HOW TO COMPLETE THIS TASK
Reproduce, from the lines below, exactly the stretch that begins at the line containing "#40=CARTESIAN_POINT('',(114.,-0.499999999999999,-1.5));" and ends at the line containing "#71=CARTESIAN_POINT('',(102.,-3.5,1.5));", both included.

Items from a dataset
——————————

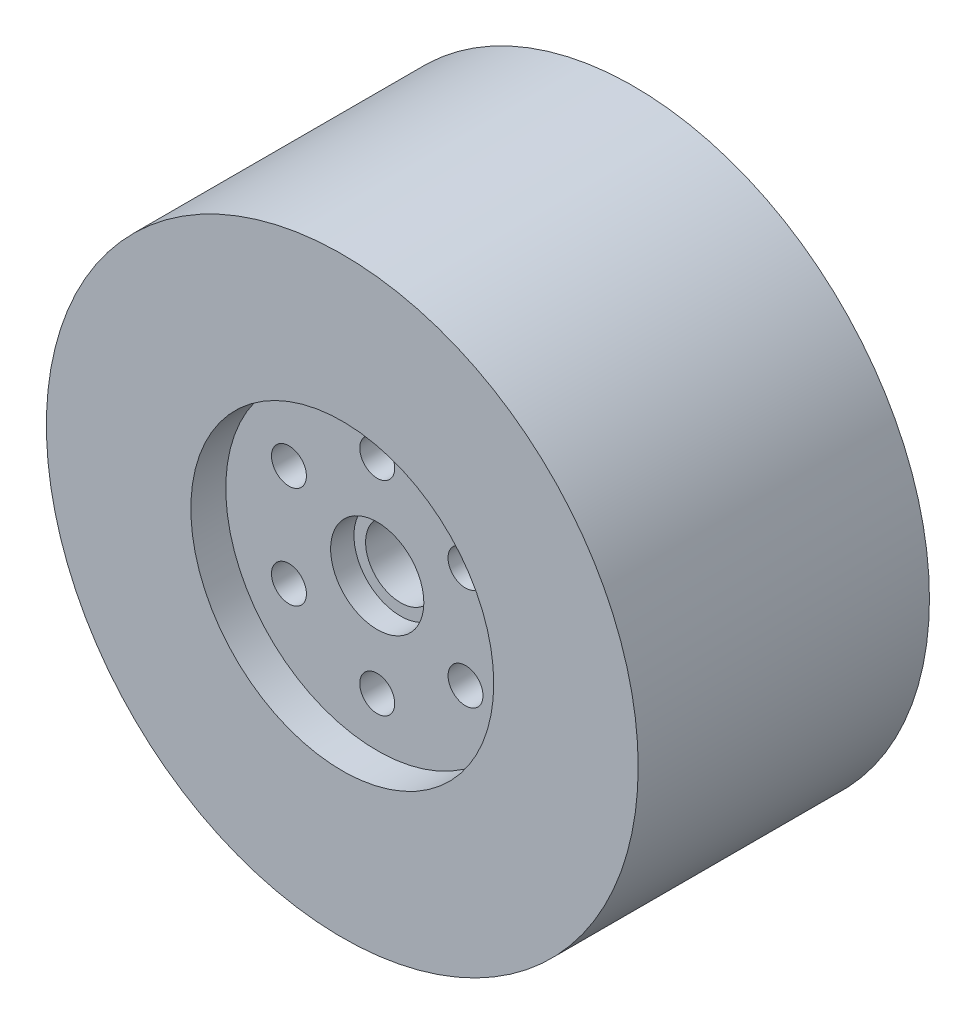
ISO-10303-21;
HEADER;
FILE_DESCRIPTION(('STEP AP214'),'2;1');
FILE_NAME('part.step','',(''),(''),'','','');
FILE_SCHEMA(('AUTOMOTIVE_DESIGN { 1 0 10303 214 1 1 1 1 }'));
ENDSEC;
DATA;
#1=APPLICATION_CONTEXT('core data for automotive mechanical design processes');
#2=APPLICATION_PROTOCOL_DEFINITION('international standard','automotive_design',2000,#1);
#3=PRODUCT_CONTEXT('',#1,'mechanical');
#4=PRODUCT('Part','Part','',(#3));
#5=PRODUCT_RELATED_PRODUCT_CATEGORY('part','',(#4));
#6=PRODUCT_DEFINITION_FORMATION('','',#4);
#7=PRODUCT_DEFINITION_CONTEXT('part definition',#1,'design');
#8=PRODUCT_DEFINITION('design','',#6,#7);
#9=PRODUCT_DEFINITION_SHAPE('','',#8);
#10=(LENGTH_UNIT() NAMED_UNIT(*) SI_UNIT(.MILLI.,.METRE.));
#11=(NAMED_UNIT(*) PLANE_ANGLE_UNIT() SI_UNIT($,.RADIAN.));
#12=(NAMED_UNIT(*) SI_UNIT($,.STERADIAN.) SOLID_ANGLE_UNIT());
#13=UNCERTAINTY_MEASURE_WITH_UNIT(LENGTH_MEASURE(1.E-05),#10,'distance_accuracy_value','');
#14=(GEOMETRIC_REPRESENTATION_CONTEXT(3) GLOBAL_UNCERTAINTY_ASSIGNED_CONTEXT((#13)) GLOBAL_UNIT_ASSIGNED_CONTEXT((#10,
#11,#12)) REPRESENTATION_CONTEXT('',''));
#15=CARTESIAN_POINT('',(0.,0.,0.));
#16=DIRECTION('',(0.,0.,1.));
#17=DIRECTION('',(1.,0.,0.));
#18=AXIS2_PLACEMENT_3D('',#15,#16,#17);
#19=CARTESIAN_POINT('',(0.,0.,0.));
#20=DIRECTION('',(0.,0.,1.));
#21=DIRECTION('',(1.,0.,0.));
#22=AXIS2_PLACEMENT_3D('',#19,#20,#21);
#23=CYLINDRICAL_SURFACE('',#22,3.);
#24=CARTESIAN_POINT('',(0.,0.,2.));
#25=DIRECTION('',(0.,0.,-1.));
#26=DIRECTION('',(-1.,0.,0.));
#27=AXIS2_PLACEMENT_3D('',#24,#25,#26);
#28=CIRCLE('',#27,3.);
#29=CARTESIAN_POINT('',(-3.,0.,2.));
#30=VERTEX_POINT('',#29);
#31=EDGE_CURVE('E48',#30,#30,#28,.F.);
#32=ORIENTED_EDGE('',*,*,#31,.F.);
#33=EDGE_LOOP('',(#32));
#34=FACE_BOUND('',#33,.T.);
#35=CARTESIAN_POINT('',(0.,0.,20.));
#36=DIRECTION('',(0.,0.,1.));
#37=DIRECTION('',(1.,0.,0.));
#38=AXIS2_PLACEMENT_3D('',#35,#36,#37);
#39=CIRCLE('',#38,3.);
#40=CARTESIAN_POINT('',(3.,0.,20.));
#41=VERTEX_POINT('',#40);
#42=EDGE_CURVE('E39',#41,#41,#39,.F.);
#43=ORIENTED_EDGE('',*,*,#42,.F.);
#44=EDGE_LOOP('',(#43));
#45=FACE_BOUND('',#44,.T.);
#46=ADVANCED_FACE('F35',(#34,#45),#23,.F.);
#47=CARTESIAN_POINT('',(0.,0.,25.));
#48=DIRECTION('',(0.,0.,-1.));
#49=DIRECTION('',(-1.,0.,0.));
#50=AXIS2_PLACEMENT_3D('',#47,#48,#49);
#51=CYLINDRICAL_SURFACE('',#50,25.4);
#52=CARTESIAN_POINT('',(0.,0.,25.));
#53=DIRECTION('',(0.,0.,1.));
#54=DIRECTION('',(1.,0.,0.));
#55=AXIS2_PLACEMENT_3D('',#52,#53,#54);
#56=CIRCLE('',#55,25.4);
#57=CARTESIAN_POINT('',(25.4,0.,25.));
#58=VERTEX_POINT('',#57);
#59=EDGE_CURVE('E10',#58,#58,#56,.T.);
#60=ORIENTED_EDGE('',*,*,#59,.F.);
#61=EDGE_LOOP('',(#60));
#62=FACE_BOUND('',#61,.T.);
#63=CARTESIAN_POINT('',(0.,0.,0.));
#64=DIRECTION('',(0.,0.,1.));
#65=DIRECTION('',(1.,0.,0.));
#66=AXIS2_PLACEMENT_3D('',#63,#64,#65);
#67=CIRCLE('',#66,25.4);
#68=CARTESIAN_POINT('',(25.4,0.,0.));
#69=VERTEX_POINT('',#68);
#70=EDGE_CURVE('E43',#69,#69,#67,.T.);
#71=ORIENTED_EDGE('',*,*,#70,.T.);
#72=EDGE_LOOP('',(#71));
#73=FACE_BOUND('',#72,.T.);
#74=ADVANCED_FACE('F37',(#62,#73),#51,.T.);
#75=CARTESIAN_POINT('',(0.,0.,25.));
#76=DIRECTION('',(0.,0.,1.));
#77=DIRECTION('',(1.,0.,0.));
#78=AXIS2_PLACEMENT_3D('',#75,#76,#77);
#79=PLANE('',#78);
#80=CARTESIAN_POINT('',(0.,0.,25.));
#81=DIRECTION('',(0.,0.,1.));
#82=DIRECTION('',(1.,0.,0.));
#83=AXIS2_PLACEMENT_3D('',#80,#81,#82);
#84=CIRCLE('',#83,13.);
#85=CARTESIAN_POINT('',(13.,0.,25.));
#86=VERTEX_POINT('',#85);
#87=EDGE_CURVE('E76',#86,#86,#84,.T.);
#88=ORIENTED_EDGE('',*,*,#87,.F.);
#89=EDGE_LOOP('',(#88));
#90=FACE_BOUND('',#89,.T.);
#91=ORIENTED_EDGE('',*,*,#59,.T.);
#92=EDGE_LOOP('',(#91));
#93=FACE_BOUND('',#92,.T.);
#94=ADVANCED_FACE('F95',(#90,#93),#79,.T.);
#95=CARTESIAN_POINT('',(0.,0.,0.));
#96=DIRECTION('',(0.,0.,1.));
#97=DIRECTION('',(1.,0.,0.));
#98=AXIS2_PLACEMENT_3D('',#95,#96,#97);
#99=PLANE('',#98);
#100=CARTESIAN_POINT('',(0.,0.,0.));
#101=DIRECTION('',(0.,0.,-1.));
#102=DIRECTION('',(-1.,0.,0.));
#103=AXIS2_PLACEMENT_3D('',#100,#101,#102);
#104=CIRCLE('',#103,4.);
#105=CARTESIAN_POINT('',(-4.,0.,0.));
#106=VERTEX_POINT('',#105);
#107=EDGE_CURVE('E51',#106,#106,#104,.T.);
#108=ORIENTED_EDGE('',*,*,#107,.F.);
#109=EDGE_LOOP('',(#108));
#110=FACE_BOUND('',#109,.T.);
#111=ORIENTED_EDGE('',*,*,#70,.F.);
#112=EDGE_LOOP('',(#111));
#113=FACE_BOUND('',#112,.T.);
#114=ADVANCED_FACE('F91',(#110,#113),#99,.F.);
#115=CARTESIAN_POINT('',(0.,0.,2.));
#116=DIRECTION('',(0.,0.,-1.));
#117=DIRECTION('',(-1.,0.,0.));
#118=AXIS2_PLACEMENT_3D('',#115,#116,#117);
#119=PLANE('',#118);
#120=CARTESIAN_POINT('',(0.,0.,2.));
#121=DIRECTION('',(0.,0.,-1.));
#122=DIRECTION('',(-1.,0.,0.));
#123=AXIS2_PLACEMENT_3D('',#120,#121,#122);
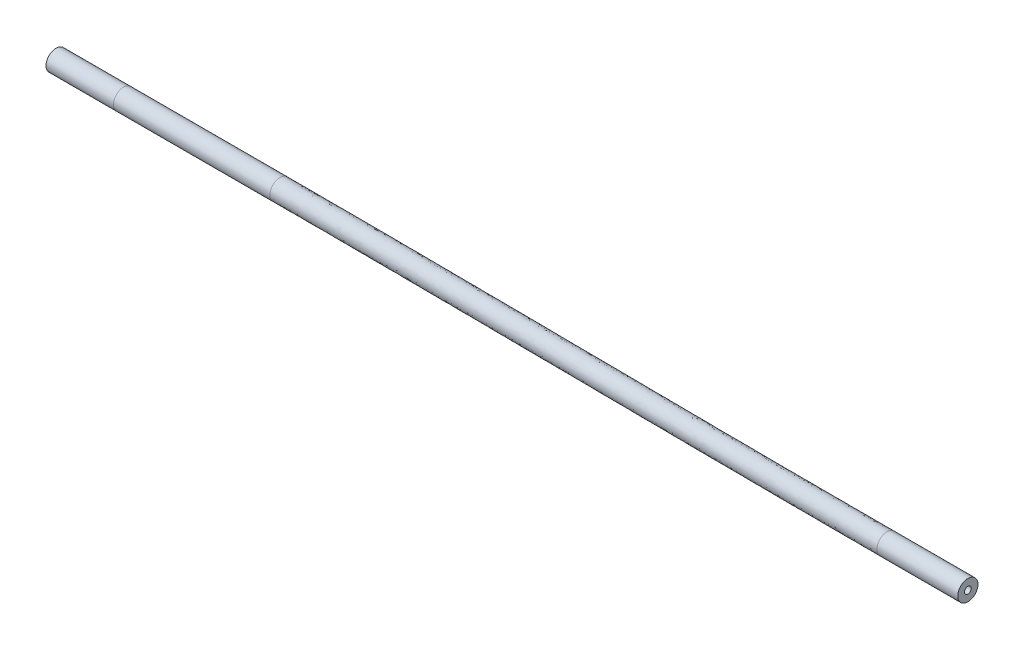
ISO-10303-21;
HEADER;
FILE_DESCRIPTION(('STEP AP214'),'2;1');
FILE_NAME('part.step','',(''),(''),'','','');
FILE_SCHEMA(('AUTOMOTIVE_DESIGN { 1 0 10303 214 1 1 1 1 }'));
ENDSEC;
DATA;
#1=APPLICATION_CONTEXT('core data for automotive mechanical design processes');
#2=APPLICATION_PROTOCOL_DEFINITION('international standard','automotive_design',2000,#1);
#3=PRODUCT_CONTEXT('',#1,'mechanical');
#4=PRODUCT('Part','Part','',(#3));
#5=PRODUCT_RELATED_PRODUCT_CATEGORY('part','',(#4));
#6=PRODUCT_DEFINITION_FORMATION('','',#4);
#7=PRODUCT_DEFINITION_CONTEXT('part definition',#1,'design');
#8=PRODUCT_DEFINITION('design','',#6,#7);
#9=PRODUCT_DEFINITION_SHAPE('','',#8);
#10=(LENGTH_UNIT() NAMED_UNIT(*) SI_UNIT(.MILLI.,.METRE.));
#11=(NAMED_UNIT(*) PLANE_ANGLE_UNIT() SI_UNIT($,.RADIAN.));
#12=(NAMED_UNIT(*) SI_UNIT($,.STERADIAN.) SOLID_ANGLE_UNIT());
#13=UNCERTAINTY_MEASURE_WITH_UNIT(LENGTH_MEASURE(1.E-05),#10,'distance_accuracy_value','');
#14=(GEOMETRIC_REPRESENTATION_CONTEXT(3) GLOBAL_UNCERTAINTY_ASSIGNED_CONTEXT((#13)) GLOBAL_UNIT_ASSIGNED_CONTEXT((#10,
#11,#12)) REPRESENTATION_CONTEXT('',''));
#15=CARTESIAN_POINT('',(0.,0.,0.));
#16=DIRECTION('',(0.,0.,1.));
#17=DIRECTION('',(1.,0.,0.));
#18=AXIS2_PLACEMENT_3D('',#15,#16,#17);
#19=CARTESIAN_POINT('',(114.,-0.499999999999999,0.));
#20=DIRECTION('',(-1.,0.,0.));
#21=DIRECTION('',(0.,-1.,0.));
#22=AXIS2_PLACEMENT_3D('',#19,#20,#21);
#23=CYLINDRICAL_SURFACE('',#22,1.5);
#24=CARTESIAN_POINT('',(102.,-0.499999999999996,0.));
#25=DIRECTION('',(1.,0.,0.));
#26=DIRECTION('',(0.,0.,-1.));
#27=AXIS2_PLACEMENT_3D('',#24,#25,#26);
#28=CIRCLE('',#27,1.5);
#29=CARTESIAN_POINT('',(102.,-0.499999999999996,-1.5));
#30=VERTEX_POINT('',#29);
#31=EDGE_CURVE('E64',#30,#30,#28,.T.);
#32=ORIENTED_EDGE('',*,*,#31,.T.);
#33=EDGE_LOOP('',(#32));
#34=FACE_BOUND('',#33,.T.);
#35=CARTESIAN_POINT('',(114.,-0.499999999999999,0.));
#36=DIRECTION('',(1.,0.,0.));
#37=DIRECTION('',(0.,0.,-1.));
#38=AXIS2_PLACEMENT_3D('',#35,#36,#37);
#39=CIRCLE('',#38,1.5);
#40=CARTESIAN_POINT('',(114.,-0.499999999999999,-1.5));
#41=VERTEX_POINT('',#40);
#42=EDGE_CURVE('E60',#41,#41,#39,.T.);
#43=ORIENTED_EDGE('',*,*,#42,.F.);
#44=EDGE_LOOP('',(#43));
#45=FACE_BOUND('',#44,.T.);
#46=ADVANCED_FACE('F38',(#34,#45),#23,.T.);
#47=CARTESIAN_POINT('',(102.,-0.499999999999996,-1.5));
#48=CARTESIAN_POINT('',(86.9995138723806,-0.499999999999995,-1.5));
#49=CARTESIAN_POINT('',(71.9996527699958,-0.374999999980908,-1.5));
#50=CARTESIAN_POINT('',(42.0003472300039,-0.125000000019079,-1.5));
#51=CARTESIAN_POINT('',(27.0004861276194,0.,-1.5));
#52=CARTESIAN_POINT('',(12.,0.,-1.5));
#53=CARTESIAN_POINT('',(102.,2.50000000000001,-1.5));
#54=CARTESIAN_POINT('',(87.0078468199204,2.50000000000001,-1.5));
#55=CARTESIAN_POINT('',(72.0246524806557,2.62489583395516,-1.5));
#56=CARTESIAN_POINT('',(42.0253469406638,2.87489583391699,-1.5));
#57=CARTESIAN_POINT('',(27.0088190751592,3.00000000000001,-1.5));
#58=CARTESIAN_POINT('',(12.,3.00000000000001,-1.5));
#59=CARTESIAN_POINT('',(102.,2.50000000000001,1.5));
#60=CARTESIAN_POINT('',(87.0078468199204,2.50000000000001,1.5));
#61=CARTESIAN_POINT('',(72.0246524806557,2.62489583395557,1.5));
#62=CARTESIAN_POINT('',(42.0253469406638,2.87489583391658,1.5));
#63=CARTESIAN_POINT('',(27.0088190751592,3.00000000000001,1.5));
#64=CARTESIAN_POINT('',(12.,3.00000000000001,1.5));
#65=CARTESIAN_POINT('',(102.,-0.499999999999996,1.5));
#66=CARTESIAN_POINT('',(86.9995138723806,-0.499999999999995,1.5));
#67=CARTESIAN_POINT('',(71.9996527699958,-0.374999999980501,1.5));
#68=CARTESIAN_POINT('',(42.0003472300039,-0.125000000019485,1.5));
#69=CARTESIAN_POINT('',(27.0004861276194,0.,1.5));
#70=CARTESIAN_POINT('',(12.,0.,1.5));
#71=CARTESIAN_POINT('',(102.,-3.5,1.5));
#72=CARTESIAN_POINT('',(86.9911809248408,-3.5,1.5));
#73=CARTESIAN_POINT('',(71.9746530593359,-3.37489583391657,1.5));
#74=CARTESIAN_POINT('',(41.975347519344,-3.12489583395555,1.5));
#75=CARTESIAN_POINT('',(26.9921531800796,-3.00000000000001,1.5));
#76=CARTESIAN_POINT('',(12.,-3.00000000000001,1.5));
#77=CARTESIAN_POINT('',(102.,-3.5,-1.5));
#78=CARTESIAN_POINT('',(86.9911809248408,-3.5,-1.5));
#79=CARTESIAN_POINT('',(71.9746530593359,-3.37489583391697,-1.5));
#80=CARTESIAN_POINT('',(41.975347519344,-3.12489583395515,-1.5));
#81=CARTESIAN_POINT('',(26.9921531800796,-3.00000000000001,-1.5));
#82=CARTESIAN_POINT('',(12.,-3.00000000000001,-1.5));
#83=CARTESIAN_POINT('',(102.,-0.499999999999996,-1.5));
#84=CARTESIAN_POINT('',(86.9995138723806,-0.499999999999995,-1.5));
#85=CARTESIAN_POINT('',(71.9996527699958,-0.374999999980908,-1.5));
#86=CARTESIAN_POINT('',(42.0003472300039,-0.125000000019079,-1.5));
#87=CARTESIAN_POINT('',(27.0004861276194,0.,-1.5));
#88=CARTESIAN_POINT('',(12.,0.,-1.5));
#89=(BOUNDED_SURFACE() B_SPLINE_SURFACE(3,3,((#47,#48,#49,#50,#51,#52),(#53,#54,#55,#56,#57,
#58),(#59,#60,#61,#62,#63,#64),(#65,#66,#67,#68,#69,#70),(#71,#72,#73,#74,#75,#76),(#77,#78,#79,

——————————

ANSWER AREA
#40=CARTESIAN_POINT('',(114.,-0.499999999999999,-1.5));
#41=VERTEX_POINT('',#40);
#42=EDGE_CURVE('E60',#41,#41,#39,.T.);
#43=ORIENTED_EDGE('',*,*,#42,.F.);
#44=EDGE_LOOP('',(#43));
#45=FACE_BOUND('',#44,.T.);
#46=ADVANCED_FACE('F38',(#34,#45),#23,.T.);
#47=CARTESIAN_POINT('',(102.,-0.499999999999996,-1.5));
#48=CARTESIAN_POINT('',(86.9995138723806,-0.499999999999995,-1.5));
#49=CARTESIAN_POINT('',(71.9996527699958,-0.374999999980908,-1.5));
#50=CARTESIAN_POINT('',(42.0003472300039,-0.125000000019079,-1.5));
#51=CARTESIAN_POINT('',(27.0004861276194,0.,-1.5));
#52=CARTESIAN_POINT('',(12.,0.,-1.5));
#53=CARTESIAN_POINT('',(102.,2.50000000000001,-1.5));
#54=CARTESIAN_POINT('',(87.0078468199204,2.50000000000001,-1.5));
#55=CARTESIAN_POINT('',(72.0246524806557,2.62489583395516,-1.5));
#56=CARTESIAN_POINT('',(42.0253469406638,2.87489583391699,-1.5));
#57=CARTESIAN_POINT('',(27.0088190751592,3.00000000000001,-1.5));
#58=CARTESIAN_POINT('',(12.,3.00000000000001,-1.5));
#59=CARTESIAN_POINT('',(102.,2.50000000000001,1.5));
#60=CARTESIAN_POINT('',(87.0078468199204,2.50000000000001,1.5));
#61=CARTESIAN_POINT('',(72.0246524806557,2.62489583395557,1.5));
#62=CARTESIAN_POINT('',(42.0253469406638,2.87489583391658,1.5));
#63=CARTESIAN_POINT('',(27.0088190751592,3.00000000000001,1.5));
#64=CARTESIAN_POINT('',(12.,3.00000000000001,1.5));
#65=CARTESIAN_POINT('',(102.,-0.499999999999996,1.5));
#66=CARTESIAN_POINT('',(86.9995138723806,-0.499999999999995,1.5));
#67=CARTESIAN_POINT('',(71.9996527699958,-0.374999999980501,1.5));
#68=CARTESIAN_POINT('',(42.0003472300039,-0.125000000019485,1.5));
#69=CARTESIAN_POINT('',(27.0004861276194,0.,1.5));
#70=CARTESIAN_POINT('',(12.,0.,1.5));
#71=CARTESIAN_POINT('',(102.,-3.5,1.5));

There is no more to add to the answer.